Figure 3. TEM images of symbiont contact zones between Endocarpon pusillum (f) and its phycobiont Diplosphaera (a). A, broad boundary showing two fungal pegs to the right and highly thickened, indistinctly intermixed fungal and algal wall materials to the left. Horizontal arrows indicate region of algal cell wall degradation ahead of fungal penetration pegs, directly behind which an exterior elaboration of the fungal plasmalemma is evident (asterisk). Arrowheads indicate smaller, lomasome-like vesicles/tubules emerging from algal plasmalemma and embedded within wall material. B, asterisk indicates elaboration of the fungal plasmalemma similar to the previous micrograph; the material separating it from the rest of the protoplast is clearly continuous with and part of the fungal cell wall. C & D, sinuous contact zones (arrows) between fungal and algal walls. Arrowheads indicate lomasome-like vesicles and tubules between protoplast and cell wall of algal symbiont in contact region. E, asterisk indicates exterior elaboration of algal protoplast, similar to that shown for the fungus in A and B, with a thin layer of wall material clearly separating it from rest of protoplast, at least within this plane of the section. Arrowheads indicate lomasome-like vesicles and tubules between the protoplast and cell wall of both symbionts in the contact area. F, formation of bridging wall material (arrow) similar to that shown in previous micrograph, in longitudinal view or in process of development. Abbreviations: a = algal cell; f = fungal cell; aw = algal cell wall; fw = fungal cell wall; p = peg-like intraparietal haustorium. Scales: A & B = 100 nm; C–F = 200 nm.

Figure 3

Figure 4. TEM images of contact zones between lichen-forming fungus Porina microcoralloides (f) and its algal symbiont Trentepohlia (a). In A, C and D, a broad, thin-walled bulge in the fungal cell produces a concave deformation in the algal cell surface, with thinning of the algal cell wall (especially in C and D), while in B the algal symbiont protrudes into the fungal cell, whose wall is reduced to a faint remnant within the zone of contact. Note algal cell protrusion arising from inner wall layer (aw2). Arrowheads indicate remnant of fungal cell wall surrounding algal protrusion; arrows in C & D indicate fungal plasmalemma.

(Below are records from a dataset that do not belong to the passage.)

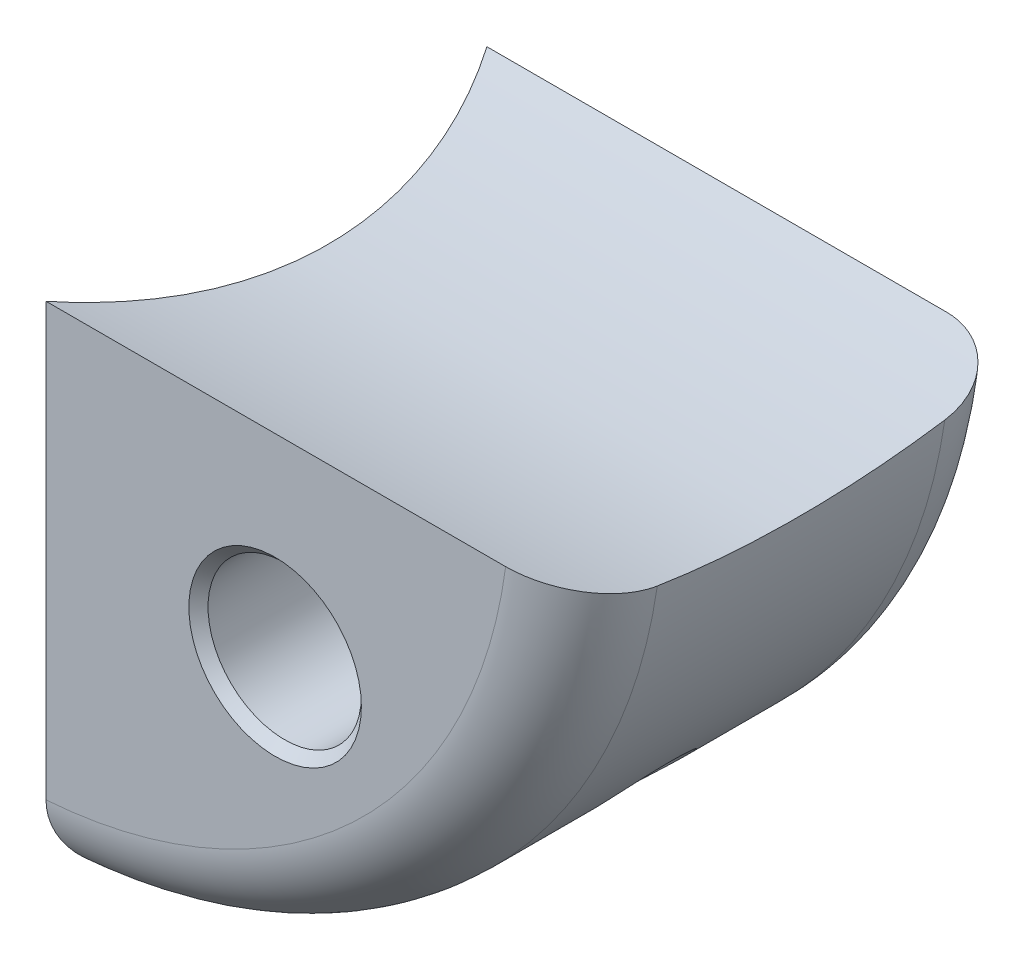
ISO-10303-21;
HEADER;
FILE_DESCRIPTION(('STEP AP214'),'2;1');
FILE_NAME('part.step','',(''),(''),'','','');
FILE_SCHEMA(('AUTOMOTIVE_DESIGN { 1 0 10303 214 1 1 1 1 }'));
ENDSEC;
DATA;
#1=APPLICATION_CONTEXT('core data for automotive mechanical design processes');
#2=APPLICATION_PROTOCOL_DEFINITION('international standard','automotive_design',2000,#1);
#3=PRODUCT_CONTEXT('',#1,'mechanical');
#4=PRODUCT('Part','Part','',(#3));
#5=PRODUCT_RELATED_PRODUCT_CATEGORY('part','',(#4));
#6=PRODUCT_DEFINITION_FORMATION('','',#4);
#7=PRODUCT_DEFINITION_CONTEXT('part definition',#1,'design');
#8=PRODUCT_DEFINITION('design','',#6,#7);
#9=PRODUCT_DEFINITION_SHAPE('','',#8);
#10=(LENGTH_UNIT() NAMED_UNIT(*) SI_UNIT(.MILLI.,.METRE.));
#11=(NAMED_UNIT(*) PLANE_ANGLE_UNIT() SI_UNIT($,.RADIAN.));
#12=(NAMED_UNIT(*) SI_UNIT($,.STERADIAN.) SOLID_ANGLE_UNIT());
#13=UNCERTAINTY_MEASURE_WITH_UNIT(LENGTH_MEASURE(1.E-05),#10,'distance_accuracy_value','');
#14=(GEOMETRIC_REPRESENTATION_CONTEXT(3) GLOBAL_UNCERTAINTY_ASSIGNED_CONTEXT((#13)) GLOBAL_UNIT_ASSIGNED_CONTEXT((#10,
#11,#12)) REPRESENTATION_CONTEXT('',''));
#15=CARTESIAN_POINT('',(0.,0.,0.));
#16=DIRECTION('',(0.,0.,1.));
#17=DIRECTION('',(1.,0.,0.));
#18=AXIS2_PLACEMENT_3D('',#15,#16,#17);
#19=CARTESIAN_POINT('',(0.,0.,23.));
#20=DIRECTION('',(0.,0.,-1.));
#21=DIRECTION('',(-1.,0.,0.));
#22=AXIS2_PLACEMENT_3D('',#19,#20,#21);
#23=CYLINDRICAL_SURFACE('',#22,60.);
#24=CARTESIAN_POINT('',(40.1556464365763,-44.5816560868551,-3.82644013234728));
#25=CARTESIAN_POINT('',(40.0194279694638,-44.7043511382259,-3.66433800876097));
#26=CARTESIAN_POINT('',(39.891639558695,-44.8183199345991,-3.48844085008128));
#27=CARTESIAN_POINT('',(39.6558741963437,-45.027064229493,-3.1133434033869));
#28=CARTESIAN_POINT('',(39.5479159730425,-45.1218215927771,-2.91412137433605));
#29=CARTESIAN_POINT('',(39.3405190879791,-45.3028164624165,-2.4672755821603));
#30=CARTESIAN_POINT('',(39.2444708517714,-45.3859300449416,-2.21679667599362));
#31=CARTESIAN_POINT('',(39.0841918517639,-45.5240287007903,-1.69850117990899));
#32=CARTESIAN_POINT('',(39.0199702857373,-45.5790056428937,-1.43067960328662));
#33=CARTESIAN_POINT('',(38.9237164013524,-45.6612360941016,-0.876837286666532));
#34=CARTESIAN_POINT('',(38.8926884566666,-45.6876248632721,-0.590512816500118));
#35=CARTESIAN_POINT('',(38.8671349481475,-45.7093655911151,-0.015071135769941));
#36=CARTESIAN_POINT('',(38.8726118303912,-45.7047154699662,0.274046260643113));
#37=CARTESIAN_POINT('',(38.9202490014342,-45.6641567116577,0.851163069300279));
#38=CARTESIAN_POINT('',(38.9629243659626,-45.6278091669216,1.13908951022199));
#39=CARTESIAN_POINT('',(39.0844026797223,-45.5237938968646,1.70137422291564));
#40=CARTESIAN_POINT('',(39.1632065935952,-45.4561253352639,1.9757321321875));
#41=CARTESIAN_POINT('',(39.3540106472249,-45.2910321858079,2.50117283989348));
#42=CARTESIAN_POINT('',(39.4658129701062,-45.1937848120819,2.75238295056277));
#43=CARTESIAN_POINT('',(39.7193724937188,-44.9710997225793,3.22552059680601));
#44=CARTESIAN_POINT('',(39.8611261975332,-44.8456652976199,3.44745154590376));
#45=CARTESIAN_POINT('',(40.166081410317,-44.5727113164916,3.84935488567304));
#46=CARTESIAN_POINT('',(40.3286336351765,-44.4258466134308,4.03026374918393));
#47=CARTESIAN_POINT('',(40.6727442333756,-44.1110201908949,4.35100856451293));
#48=CARTESIAN_POINT('',(40.8542978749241,-43.9430637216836,4.49085470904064));
#49=CARTESIAN_POINT('',(41.2230256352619,-43.5972873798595,4.71968777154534));
#50=CARTESIAN_POINT('',(41.4097005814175,-43.4201120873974,4.81045321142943));
#51=CARTESIAN_POINT('',(41.7891600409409,-43.055026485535,4.94590233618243));
#52=CARTESIAN_POINT('',(41.9819431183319,-42.8671186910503,4.99059677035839));
#53=CARTESIAN_POINT('',(42.3609745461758,-42.4925457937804,5.03149968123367));
#54=CARTESIAN_POINT('',(42.5472236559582,-42.306053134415,5.02929502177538));
#55=CARTESIAN_POINT('',(42.9143273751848,-41.9336245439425,4.98037546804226));
#56=CARTESIAN_POINT('',(43.095182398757,-41.7476885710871,4.93366399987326));
#57=CARTESIAN_POINT('',(43.4450865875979,-41.3834238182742,4.79799474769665));
#58=CARTESIAN_POINT('',(43.6142219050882,-41.205044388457,4.70939387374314));
#59=CARTESIAN_POINT('',(43.9382087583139,-40.859393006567,4.49309926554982));
#60=CARTESIAN_POINT('',(44.0930591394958,-40.6921219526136,4.36540237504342));
#61=CARTESIAN_POINT('',(44.3882107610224,-40.3699832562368,4.07187342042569));
#62=CARTESIAN_POINT('',(44.5281323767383,-40.2154552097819,3.90528782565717));
#63=CARTESIAN_POINT('',(44.7867940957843,-39.9271920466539,3.54067500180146));
#64=CARTESIAN_POINT('',(44.9055305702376,-39.7934604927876,3.34264239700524));
#65=CARTESIAN_POINT('',(45.1238100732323,-39.5457975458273,2.91278095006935));
#66=CARTESIAN_POINT('',(45.2224608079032,-39.4328026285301,2.67995949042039));
#67=CARTESIAN_POINT('',(45.3931347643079,-39.2362118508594,2.19311673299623));
#68=CARTESIAN_POINT('',(45.4651532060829,-39.1526212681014,1.93909163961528));
#69=CARTESIAN_POINT('',(45.5835553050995,-39.0147164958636,1.40743476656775));
#70=CARTESIAN_POINT('',(45.6289456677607,-38.9615383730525,1.1292864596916));
#71=CARTESIAN_POINT('',(45.6893880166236,-38.8906416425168,0.565274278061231));
#72=CARTESIAN_POINT('',(45.7044361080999,-38.8729275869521,0.279409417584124));
#73=CARTESIAN_POINT('',(45.7039714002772,-38.8734745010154,-0.298017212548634));
#74=CARTESIAN_POINT('',(45.6878399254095,-38.8924637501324,-0.589578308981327));
#75=CARTESIAN_POINT('',(45.6240097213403,-38.9673212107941,-1.16441523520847));
#76=CARTESIAN_POINT('',(45.5763094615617,-39.0231912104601,-1.44769066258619));
#77=CARTESIAN_POINT('',(45.450022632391,-39.1702027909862,-1.99793820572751));
#78=CARTESIAN_POINT('',(45.3714183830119,-39.2613645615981,-2.26490088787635));
#79=CARTESIAN_POINT('',(45.1846090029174,-39.4762116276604,-2.77429101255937));
#80=CARTESIAN_POINT('',(45.0764058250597,-39.5998947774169,-3.01672007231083));
#81=CARTESIAN_POINT('',(44.8348128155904,-39.8731999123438,-3.46480361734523));
#82=CARTESIAN_POINT('',(44.7019611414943,-40.0222629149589,-3.67108846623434));
#83=CARTESIAN_POINT('',(44.4124699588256,-40.3432655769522,-4.04570695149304));
#84=CARTESIAN_POINT('',(44.2558355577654,-40.5152003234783,-4.21404871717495));
#85=CARTESIAN_POINT('',(43.9286063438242,-40.8697140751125,-4.50135735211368));
#86=CARTESIAN_POINT('',(43.7587278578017,-41.0516772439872,-4.62189934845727));
#87=CARTESIAN_POINT('',(43.4047118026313,-41.4258032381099,-4.81768810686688));
#88=CARTESIAN_POINT('',(43.2205782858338,-41.6179631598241,-4.89294768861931));
#89=CARTESIAN_POINT('',(42.8505125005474,-41.9988260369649,-4.99334203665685));
#90=CARTESIAN_POINT('',(42.6649156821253,-42.1873820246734,-5.02027626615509));
#91=CARTESIAN_POINT('',(42.2906887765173,-42.5625163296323,-5.02858290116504));
#92=CARTESIAN_POINT('',(42.1020586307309,-42.7490946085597,-5.00995442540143));
#93=CARTESIAN_POINT('',(41.7307585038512,-43.1115994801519,-4.92856884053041));
#94=CARTESIAN_POINT('',(41.5480420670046,-43.2876558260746,-4.86659502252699));
#95=CARTESIAN_POINT('',(41.1905550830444,-43.6279615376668,-4.70154733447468));
#96=CARTESIAN_POINT('',(41.0157791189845,-43.7922189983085,-4.59850196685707));
#97=CARTESIAN_POINT('',(40.7240826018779,-44.0633366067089,-4.387379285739));
#98=CARTESIAN_POINT('',(40.6041591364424,-44.1738250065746,-4.28796586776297));
#99=CARTESIAN_POINT('',(40.3730019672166,-44.3851913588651,-4.07063599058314));
#100=CARTESIAN_POINT('',(40.2617660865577,-44.4860717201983,-3.95272418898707));
#101=CARTESIAN_POINT('',(40.1556464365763,-44.5816560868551,-3.82644013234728));
#102=B_SPLINE_CURVE_WITH_KNOTS('',3,(#24,#25,#26,#27,#28,#29,#30,#31,#32,#33,#34,#35,#36,#37,
#38,#39,#40,#41,#42,#43,#44,#45,#46,#47,#48,#49,#50,#51,#52,#53,#54,#55,#56,#57,#58,#59,#60,#61,
#62,#63,#64,#65,#66,#67,#68,#69,#70,#71,#72,#73,#74,#75,#76,#77,#78,#79,#80,#81,#82,#83,#84,#85,
#86,#87,#88,#89,#90,#91,#92,#93,#94,#95,#96,#97,#98,#99,#100,#101),.UNSPECIFIED.,.T.,.F.,(4,2,2,
2,2,2,2,2,2,2,2,2,2,2,2,2,2,2,2,2,2,2,2,2,2,2,2,2,2,2,2,2,2,2,2,2,2,2,4),(0.,0.733605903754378,
1.46790112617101,2.30653706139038,3.14541521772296,4.0090146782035,4.87267200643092,
5.74848157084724,6.62431452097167,7.49500017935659,8.36558423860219,9.21365960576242,
10.0615242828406,10.8761583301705,11.6906022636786,12.4775341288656,13.2644054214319,
14.0446899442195,14.8250374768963,15.6219869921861,16.4190728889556,17.2462072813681,
18.0734900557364,18.9299394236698,19.7864987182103,20.6602287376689,21.5340011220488,
22.4082741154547,23.2824894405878,24.1394830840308,24.99629294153,25.8218935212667,
26.647260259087,27.4411999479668,28.2351549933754,29.0151212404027,29.7945471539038,
30.3661992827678,30.9377077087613),.UNSPECIFIED.);
#103=CARTESIAN_POINT('',(40.1556464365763,-44.5816560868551,-3.82644013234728));
#104=VERTEX_POINT('',#103);
#105=EDGE_CURVE('E11',#104,#104,#102,.T.);
#106=ORIENTED_EDGE('',*,*,#105,.T.);
#107=EDGE_LOOP('',(#106));
#108=FACE_BOUND('',#107,.T.);
#109=CARTESIAN_POINT('',(0.,0.,15.));
#110=DIRECTION('',(0.,0.,1.));
#111=DIRECTION('',(1.,0.,0.));
#112=AXIS2_PLACEMENT_3D('',#109,#110,#111);
#113=CIRCLE('',#112,60.);
#114=CARTESIAN_POINT('',(59.3708716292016,-8.66600265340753,15.));
#115=VERTEX_POINT('',#114);
#116=CARTESIAN_POINT('',(7.39570383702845,-59.5424517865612,15.));
#117=VERTEX_POINT('',#116);
#118=EDGE_CURVE('E135',#115,#117,#113,.F.);
#119=ORIENTED_EDGE('',*,*,#118,.T.);
#120=CARTESIAN_POINT('',(7.39570383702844,-59.5424517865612,15.));
#121=CARTESIAN_POINT('',(7.60763358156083,-59.516113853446,14.4080908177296));
#122=CARTESIAN_POINT('',(7.80701129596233,-59.4902142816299,13.8116717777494));
#123=CARTESIAN_POINT('',(8.18034214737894,-59.4400364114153,12.6108518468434));
#124=CARTESIAN_POINT('',(8.35429489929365,-59.4157581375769,12.0064508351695));
#125=CARTESIAN_POINT('',(8.6764468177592,-59.3695685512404,10.7907305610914));
#126=CARTESIAN_POINT('',(8.82464631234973,-59.3476572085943,10.1794113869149));
#127=CARTESIAN_POINT('',(9.09501545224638,-59.3068232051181,8.95099369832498));
#128=CARTESIAN_POINT('',(9.21718537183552,-59.2879005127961,8.33389524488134));
#129=CARTESIAN_POINT('',(9.53807379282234,-59.237422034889,6.51081378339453));
#130=CARTESIAN_POINT('',(9.70039275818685,-59.2107720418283,5.29806269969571));
#131=CARTESIAN_POINT('',(9.92461772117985,-59.1735975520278,2.86328017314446));
#132=CARTESIAN_POINT('',(9.98652857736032,-59.1630722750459,1.64124918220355));
#133=CARTESIAN_POINT('',(10.0101679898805,-59.1590818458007,-0.871473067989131));
#134=CARTESIAN_POINT('',(9.9661660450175,-59.1665924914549,-2.16222348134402));
#135=CARTESIAN_POINT('',(9.76616580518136,-59.1999360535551,-4.73511544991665));
#136=CARTESIAN_POINT('',(9.61015082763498,-59.2257716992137,-6.01725569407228));
#137=CARTESIAN_POINT('',(9.28993657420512,-59.2765433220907,-7.94570103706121));
#138=CARTESIAN_POINT('',(9.16631178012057,-59.295852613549,-8.59915088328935));
#139=CARTESIAN_POINT('',(8.88992626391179,-59.3379211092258,-9.89980632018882));
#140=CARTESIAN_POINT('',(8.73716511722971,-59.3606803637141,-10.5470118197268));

Double arrows in C indicate rupture in outer fungal cell wall as inner layer emerges as penetrative bulge. Abbreviations: a = algal cell; f = fungal cell; aw = algal cell wall; fw = fungal cell wall. Scales: A = 500 nm; B = 1 μm; C & D = 250 nm.

Figure 4

Figure 5. TEMs of contact zones between lichen-forming fungus Porina nanoarbuscula (f) and its algal symbiont Trentepohlia (a). Arrowheads indicate remnant fungal cell wall. Abbreviations: aw = algal cell wall; fw = fungal cell wall. Scales: A & C = 250 nm; B & D = 500 nm.

Figure 5

Figure 6. TEM images of symbiont contacts between the lichen-forming fungus Byssoloma kakouettae (f) and its trebouxiophycean algal symbiont (a). B shows the contact zone of A at higher magnification. Arrowheads indicate remnant fungal cell wall; arrow in B indicates fungal cell plasmalemma. Abbreviations: aw = algal cell wall; fw = fungal cell wall. Scales: A = 1 μm; B–D = 200 nm.

Figure 6

Figure 7. TEM images of symbiont contacts between three foliicolous lichen-forming fungi and their ‘Watanabealean’ (Trebouxiophyceae) algal symbionts. A, Byssoloma leucoblepharum. B, Calopadia puiggarii. C & D, Fellhanera bouteillei. Arrowheads indicate remnant fungal cell wall; arrows indicate fungal cell plasmalemma. Abbreviations: aw = algal cell wall; fw = fungal cell wall. Scales: A, B & D = 500 nm; C = 200 nm.